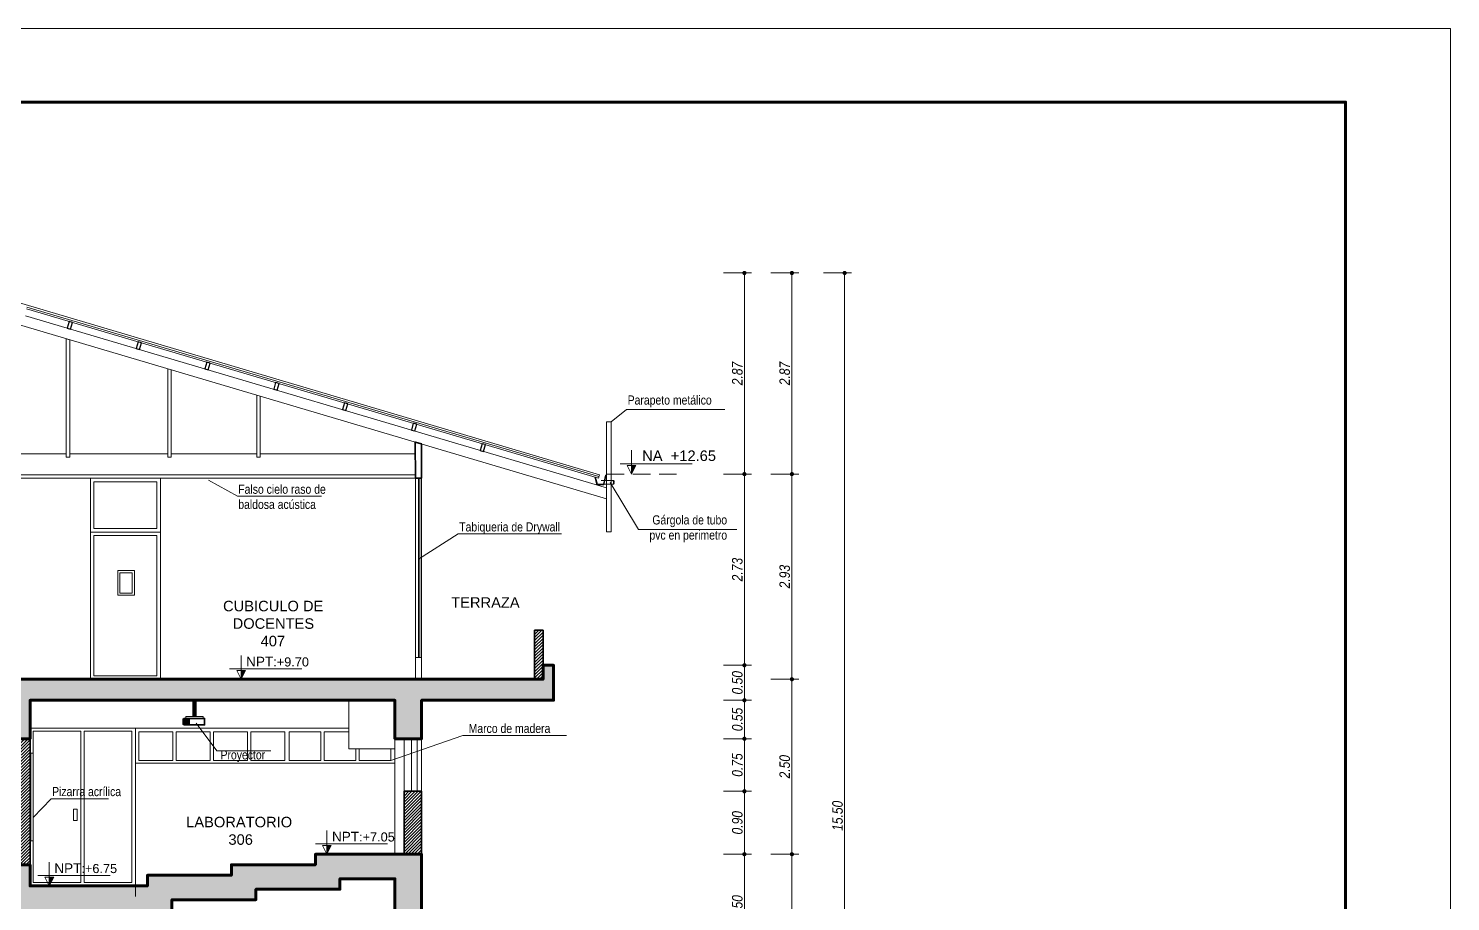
# Model space of a CAD drawing. Header units: inches. Extents: x 140 to 978, y -82 to 38.
# Drawn here: x 723.22 to 743.53, y -39.69 to -27.23 of the extents above; entities that cross this region are included whole.
import ezdxf

# ---------------------------------------------------------------- set-up
doc = ezdxf.new("R2010")
doc.units = ezdxf.units.IN
doc.header["$MEASUREMENT"] = 0
doc.linetypes.add('DASHED2', pattern=[0.375, 0.25, -0.125])
doc.layers.get('0').update_dxf_attribs({"lineweight": 0})
for name, color, linetype, lineweight in [('UNSAAC CUBIERTAS', 22, 'Continuous', 0), ('UNSAAC- CORREAS', 42, 'Continuous', 30), ('UNSAAC- ROTULO', 7, 'Continuous', 60), ('UNSAAC-CORTE ESTRUCTURA', 7, 'Continuous', 70), ('UNSAAC-CORTE MURO', 42, 'Continuous', 35), ('UNSAAC-COTA', 48, 'Continuous', 0), ('UNSAAC-FACHADA(2DO PLANO)', 7, 'Continuous', 30), ('UNSAAC-LINEA 0.00', 251, 'Continuous', 0), ('UNSAAC-LLAMADOS', 88, 'Continuous', 0), ('UNSAAC-MUEBLE', 254, 'Continuous', 0), ('UNSAAC-MURETE', 146, 'Continuous', 20), ('UNSAAC-PROYECCIONES', 38, 'DASHED2', 0), ('UNSAAC-TEXTOS', 250, 'Continuous', 0), ('UNSAAC-TEXTURAS', 250, 'Continuous', 0), ('UNSAAC-VANOS', 24, 'Continuous', 0), ('UNSAAC-VARIOS', 30, 'Continuous', 0)]:
    doc.layers.add(name, color=color, linetype=linetype, lineweight=lineweight)
doc.styles.add('5mm', font='GOTHIC.TTF', dxfattribs={"height": 5})
doc.styles.add('narrow', font='')
doc.styles.get("Standard").update_dxf_attribs({"font": 'arial.ttf'})
doc.styles.get('narrow').set_extended_font_data('Arial Narrow', italic=True)
doc.dimstyles.new('1EN75', dxfattribs={"dimtxt": 0.15, "dimasz": 0.06, "dimexe": 0.1, "dimexo": 0.15, "dimgap": 0.025, "dimtad": 1, "dimzin": 1, "dimdsep": 46, "dimtxsty": 'narrow', "dimblk": 'DOT', "dimcen": 0.1, "dimclrd": 256, "dimclre": 256, "dimclrt": 256, "dimaunit": 1, "dimadec": 3, "dimazin": 0, "dimtfac": 1, "dimtmove": 2, "dimatfit": 3, "dimldrblk": 'ARCHTICK', "dimfxl": 0.3, "dimfxlon": 1, "dimtolj": 1, "dimtzin": 0, "dimlwd": 0, "dimlwe": 0, "dimarcsym": 0})

# ---------------------------------------------------------------- blocks, each defined once
blk = doc.blocks.new('_Dot')
at = {"color": 0, "linetype": 'ByBlock', "lineweight": -2}
blk.add_line((-0.5, 0), (-1, 0), dxfattribs=at)
at = {"color": 0, "linetype": 'ByBlock', "const_width": 0.5}
blk.add_lwpolyline([(-0.25, 0, 1), (0.25, 0, 1)], format="xyb", close=True, dxfattribs=at)
blk = doc.blocks.new('*D425')
at = {"layer": 'Defpoints', "color": 0, "transparency": 16777216}
for p in [(728.833, -39.015), (733.444, -39.015), (728.833, -40.517)]:
    blk.add_point(p, dxfattribs=at)
at = {"layer": 'UNSAAC-COTA', "lineweight": 0, "transparency": 16777216}
for p, q in [((733.144, -39.015), (733.544, -39.015)), ((733.444, -40.457), (733.444, -39.075)), ((733.144, -40.517), (733.544, -40.517))]:
    blk.add_line(p, q, dxfattribs=at)
at = {"layer": 'UNSAAC-COTA', "lineweight": 0, "transparency": 16777216, "xscale": 0.06, "yscale": 0.06, "zscale": 0.06}
for p, rotation in [((733.444, -39.015), 90), ((733.444, -40.517), 270)]:
    blk.add_blockref('_Dot', p, dxfattribs=dict(at, rotation=rotation))
at = {"layer": 'UNSAAC-COTA', "transparency": 16777216, "insert": (733.343, -39.766), "char_height": 0.15, "attachment_point": 5, "rotation": 90, "style": 'narrow'}
blk.add_mtext('\\A1;1.50', dxfattribs=at)
blk = doc.blocks.new('_ArchTick')
at = {"layer": 'UNSAAC-FACHADA(2DO PLANO)', "color": 0, "const_width": 0.15}
blk.add_lwpolyline([(-0.5, -0.5), (0.5, 0.5)], dxfattribs=at)
blk = doc.blocks.new('*D426')
at = {"layer": 'Defpoints', "color": 0, "transparency": 16777216}
for p in [(728.833, -38.117), (733.444, -38.117), (728.833, -39.015)]:
    blk.add_point(p, dxfattribs=at)
at = {"layer": 'UNSAAC-COTA', "lineweight": 0, "transparency": 16777216}
for p, q in [((733.144, -38.117), (733.544, -38.117)), ((733.444, -38.955), (733.444, -38.177)), ((733.144, -39.015), (733.544, -39.015))]:
    blk.add_line(p, q, dxfattribs=at)
at = {"layer": 'UNSAAC-COTA', "lineweight": 0, "transparency": 16777216, "xscale": 0.06, "yscale": 0.06, "zscale": 0.06}
for p, rotation in [((733.444, -38.117), 90), ((733.444, -39.015), 270)]:
    blk.add_blockref('_Dot', p, dxfattribs=dict(at, rotation=rotation))
at = {"layer": 'UNSAAC-COTA', "transparency": 16777216, "insert": (733.343, -38.566), "char_height": 0.15, "attachment_point": 5, "rotation": 90, "style": 'narrow'}
blk.add_mtext('\\A1;0.90', dxfattribs=at)
blk = doc.blocks.new('*D427')
at = {"layer": 'Defpoints', "color": 0, "transparency": 16777216}
for p in [(728.833, -37.367), (733.444, -37.367), (728.833, -38.117)]:
    blk.add_point(p, dxfattribs=at)
at = {"layer": 'UNSAAC-COTA', "lineweight": 0, "transparency": 16777216}
for p, q in [((733.144, -37.367), (733.544, -37.367)), ((733.444, -38.057), (733.444, -37.427)), ((733.144, -38.117), (733.544, -38.117))]:
    blk.add_line(p, q, dxfattribs=at)
at = {"layer": 'UNSAAC-COTA', "lineweight": 0, "transparency": 16777216, "xscale": 0.06, "yscale": 0.06, "zscale": 0.06}
for p, rotation in [((733.444, -37.367), 90), ((733.444, -38.117), 270)]:
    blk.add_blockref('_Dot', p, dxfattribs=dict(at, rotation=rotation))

************

Your reply must be one number: the count of lines in the records above that contain the string "narrow".

#### [Exercise response]
5